On Android, the results are very similar.

benchmark:    70,893,445 ns         206 allocs    ListBenchmark.fastMapList_10000
benchmark:    79,759,539 ns         306 allocs    ListBenchmark.mapList_10000
benchmark:        76,814 ns         200 allocs    ListBenchmark.fastMapList_10
benchmark:        87,395 ns         300 allocs    ListBenchmark.mapList_10
benchmark:       652,864 ns         200 allocs    ListBenchmark.fastMapList_100
benchmark:       738,854 ns         300 allocs    ListBenchmark.mapList_100

As mentioned earlier, there are fewer allocations that are made in the "fast" versions of the functions, specifically 100 less allocations in each case. Estimating the operations per second and charting the results we see a chart similar to the JVM benchmarks.

If avoiding the iterator performance generally results in faster code, why use an iterator at all? The key lies in the type of backing list. The previous benchmarks were performed on ArrayLists. However swithing the backing list to a LinkedList paints a very different picture.

Benchmarks on LinkedLists

The fast versions without the Iterators are much slower than their standard counterparts. This is because collections without random access generally perform better when traversed using iterators. With an understanding of the predictable performance penalty it's best to use an iterator when you are unsure of what type of List you will be operating on.

Conclusion

While there are gains demonstrated in these benchmarks, I don't think these are significant enough to warrant setting up your own collections APIs in your projects. I'd file this under premature optimization unless you have very strict performance requirements.

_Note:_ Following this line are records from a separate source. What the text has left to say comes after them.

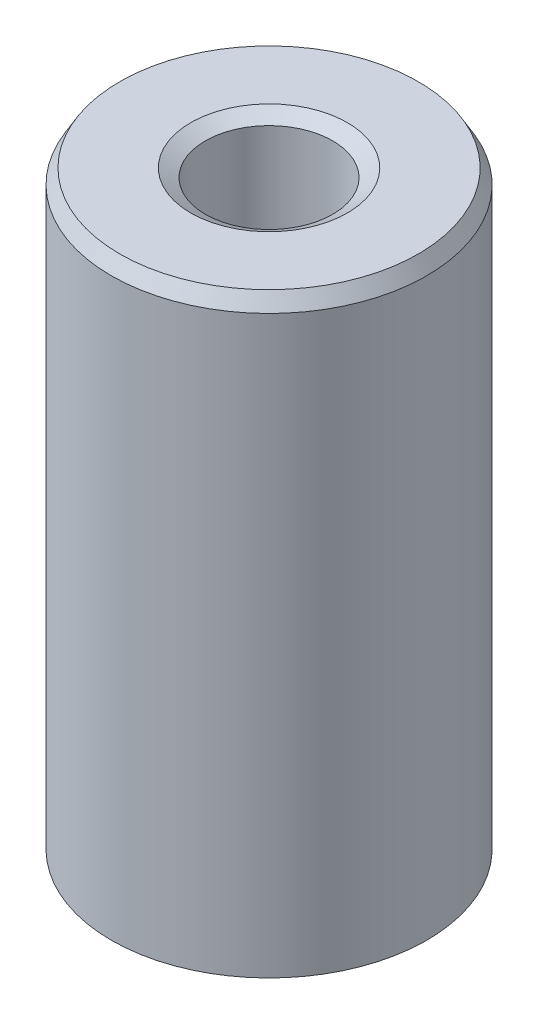
SolidWorks part; units mm, degrees
ref_plane "Front Plane" through (0, 0, 0) normal (0, 0, 1) x (1, 0, 0)
ref_plane "Top Plane" through (0, 0, 0) normal (0, 1, 0) x (1, 0, 0)
ref_plane "Right Plane" through (0, 0, 0) normal (1, 0, 0) x (0, 0, -1)
sketch "Sketch1" plane through (0, 0, 0) normal (0, 1, 0) x (1, 0, 0)
  circle A0 centre (0, 0) radius 35
  dimension "SLEEVE_OD" = 70
extrude "Boss-Extrude1" add sketch "Sketch1" along normal blind 132.8299
sketch "Sketch2" plane through (0, 0, 0) normal (0, 1, 0) x (1, 0, 0)
  circle A0 centre (0, 0) radius 14.1309
  dimension "BORE_D" = 28.2617
extrude "Cut-Extrude1" cut sketch "Sketch2" along normal through all
chamfer "Chamfer1" distance 3.2464 angle 30 4 edges at (0, 132.8299, 14.1309) (0, 0, 14.1309) (0, 0, 35) (0, 132.8299, 35) first distance on face at (0, 132.8299, 14.1309) first distance on face at (0, 0, 14.1309) first distance on face at (0, 132.8299, 35)
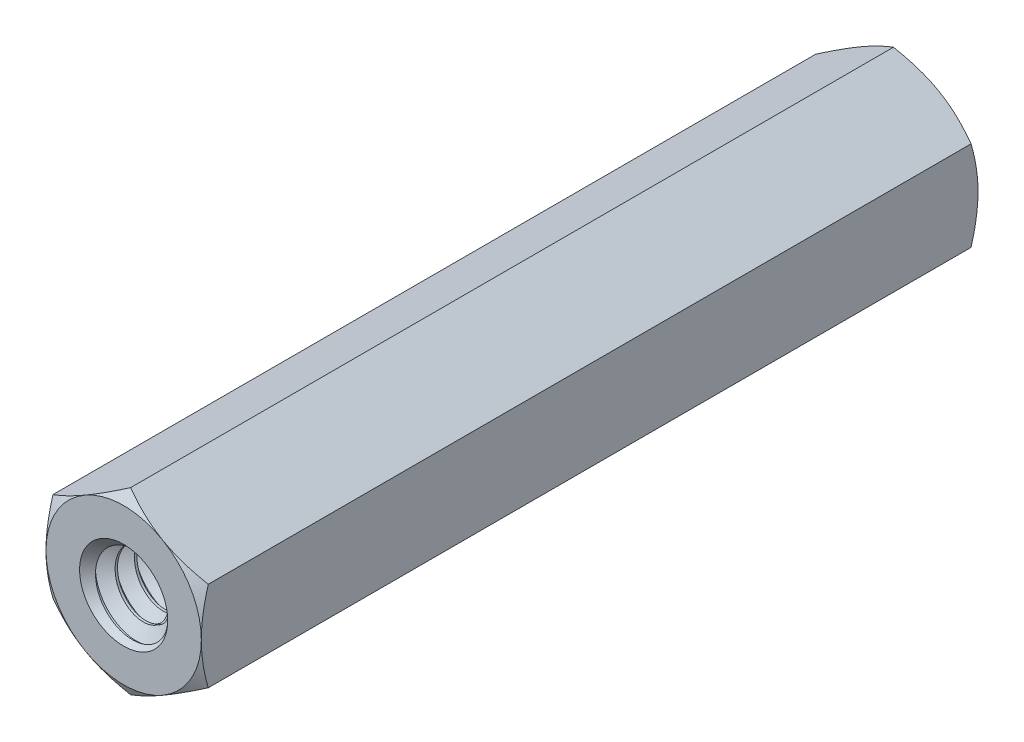
SolidWorks part; units mm, degrees
ref_plane "Front Plane" through (0, 0, 0) normal (0, 0, 1) x (1, 0, 0)
ref_plane "Top Plane" through (0, 0, 0) normal (0, 1, 0) x (1, 0, 0)
ref_plane "Right Plane" through (0, 0, 0) normal (1, 0, 0) x (0, 0, -1)
sketch "Sketch3" plane through (0, 0, 0) normal (1, 0, 0) x (0, 0, -1)
  line L0 (-15.875, 0) -> (15.875, 0) construction
  line L1 (0, 3.175) -> (0, -3.175) construction
  line L2 (-15.875, 1.7526) -> (-15.875, -1.7526) construction
  point P2 (6.35, 0)
  point P3 (-6.35, 0)
  dimension "D1" = 9.525
  dimension "Length" = 31.75
  dimension "Min Thread Length" = 9.525
  dimension "Thread Dia" = 3.5052
  dimension "Hex" = 6.35
sketch "Sketch1" plane through (0, 0, 0) normal (0, 0, 1) x (1, 0, 0)
  line L1 (0, 3.6662) -> (-3.175, 1.8331)
  line L2 (-3.175, 1.8331) -> (-3.175, -1.8331)
  line L3 (-3.175, -1.8331) -> (0, -3.6662)
  line L4 (0, -3.6662) -> (3.175, -1.8331)
  line L5 (3.175, -1.8331) -> (3.175, 1.8331)
  line L6 (3.175, 1.8331) -> (0, 3.6662)
  circle A0 centre (0, 0) radius 3.175 construction
  circle A1 centre (0, 0) radius 1.7526
extrude "Extrude1" add sketch "Sketch1" along normal up to vertex (15.875 mm away) and the other way up to vertex (15.875 mm away) up to point (0, 0, 15.875) other way up to point (0, 0, -15.875)
sketch "Sketch11" plane through (0, 0, -15.875) normal (0, 0, -1) x (-1, 0, 0)
  circle A0 centre (0, 0) radius 1.7526 construction
  circle A1 centre (0, 0) radius 1.7526
curve "Helix/Spiral1" pitch 0.7937 height 32.5437 radius 1.7526 centre (0, 0, -15.875) axis (0, 0, 1) start towards (0, 1, 0) parameters "Pitch"=0.7937
sketch "Sketch12" plane through (0, 0, 0) normal (1, 0, 0) x (0, 0, -1)
  line L0 (16.5695, 1.7526) -> (15.875, 1.7526)
  line L1 (16.5695, 1.7526) -> (16.2719, 1.237)
  line L2 (16.2719, 1.237) -> (16.1727, 1.237)
  line L3 (16.1727, 1.237) -> (15.875, 1.7526)
  line L4 (16.2223, 1.237) -> (16.2223, 1.7526) construction
  line L5 (16.4207, 1.4948) -> (16.0238, 1.4948) construction
  dimension "D1" = 0.0992
  dimension "D2" = 0.3969
  dimension "D3" = 60
sweep "Sweep1" add profiles "Sketch12" path "Helix/Spiral1"
sketch "Sketch6" plane through (0, 0, -15.875) normal (0, 0, -1) x (-1, 0, 0)
  line L6 (0, 3.6662) -> (-3.175, 1.8331)
  line L7 (-3.175, 1.8331) -> (-3.175, -1.8331)
  line L8 (-3.175, -1.8331) -> (0, -3.6662)
  line L9 (0, -3.6662) -> (3.175, -1.8331)
  line L10 (3.175, -1.8331) -> (3.175, 1.8331)
  line L11 (3.175, 1.8331) -> (0, 3.6662)
  line L12 (0, 3.6662) -> (-3.175, 1.8331)
  line L13 (-3.175, 1.8331) -> (-3.175, -1.8331)
  line L14 (-3.175, -1.8331) -> (0, -3.6662)
  line L15 (0, -3.6662) -> (3.175, -1.8331)
  line L16 (3.175, -1.8331) -> (3.175, 1.8331)
  line L17 (3.175, 1.8331) -> (0, 3.6662)
  dimension "D1" = 0
extrude "Extrude2" cut sketch "Sketch6" along normal through all
sketch "Sketch7" plane through (0, 0, -15.875) normal (0, 0, -1) x (-1, 0, 0)
  circle A2 centre (0, 0) radius 1.8034
  circle A3 centre (0, 0) radius 1.8034
  dimension "D1" = 0.0508
extrude "Extrude3" cut sketch "Sketch7" against normal through all draft 43
sketch "Sketch8" plane through (0, 0, -15.875) normal (0, 0, -1) x (-1, 0, 0)
  circle A0 centre (0, 0) radius 3.175 construction
  circle A1 centre (0, 0) radius 3.175
extrude "Extrude4" cut sketch "Sketch8" against normal through all draft 60 flip side to cut
mirror "Mirror1" about plane through (0, 0, 0) normal (0, 0, 1) of "Extrude2", "Extrude3", "Extrude4"
sketch "Sketch9" plane through (0, 0, 0) normal (1, 0, 0) x (0, 0, -1)
  line L1 (-6.35, 1.8034) -> (6.35, 1.8034)
  line L2 (-6.35, 1.8034) -> (-6.35, 0)
  line L3 (-6.35, 0) -> (6.35, 0)
  line L4 (6.35, 1.8034) -> (6.35, 0)
  line L7 (-15.875, 0) -> (15.875, 0) construction
revolve "Revolve" add sketch "Sketch9" angle 360 about L0
sketch "Sketch10" plane through (0, 0, 0) normal (1, 0, 0) x (0, 0, -1)
  line L0 (15.875, 1.7526) -> (6.35, 1.7526)
  line L1 (-15.875, 1.7526) -> (-6.35, 1.7526)
  line L2 (6.35, 1.7526) -> (6.35, -1.7526)
  line L3 (-15.875, -1.8034) -> (-6.35, -1.8034)
  line L4 (-6.35, 1.7526) -> (-6.35, -1.8034)
  line L5 (6.35, -1.7526) -> (15.875, -1.7526)
equation "\"D1@Sketch3\" = \"Min Thread Length@Sketch3\""
equation "\"D3@Helix/Spiral1\" = \"Length@Sketch3\"+\"Pitch@Helix/Spiral1\""
equation "\"D1@Sketch12\" = \"Pitch@Helix/Spiral1\"*.125"
equation "\"D2@Sketch12\" = \"Pitch@Helix/Spiral1\"*.5"

These seem to have been included as part of a larger optimization effort aimed at reducing measurement performance. Exploring the larger context gives us more insight into the justification here. As these were implemented in low level parts of the compose SDK some places which may be called multiple times a second and avoiding extra GC cycles would help maintain good performance. Which means that a potential next step for these benchmarks could be to gather data on the relative frequency of GC operations triggered by the respective runtimes due to the higher amount of allocations in the stdlib version vs. their “fast” counterparts.

Remember as a general rule, you always want to understand your performance requirements and measure for bottle necks before optimizing.

Thanks to Jason Feinstein for reviewing and providing feedback on this post.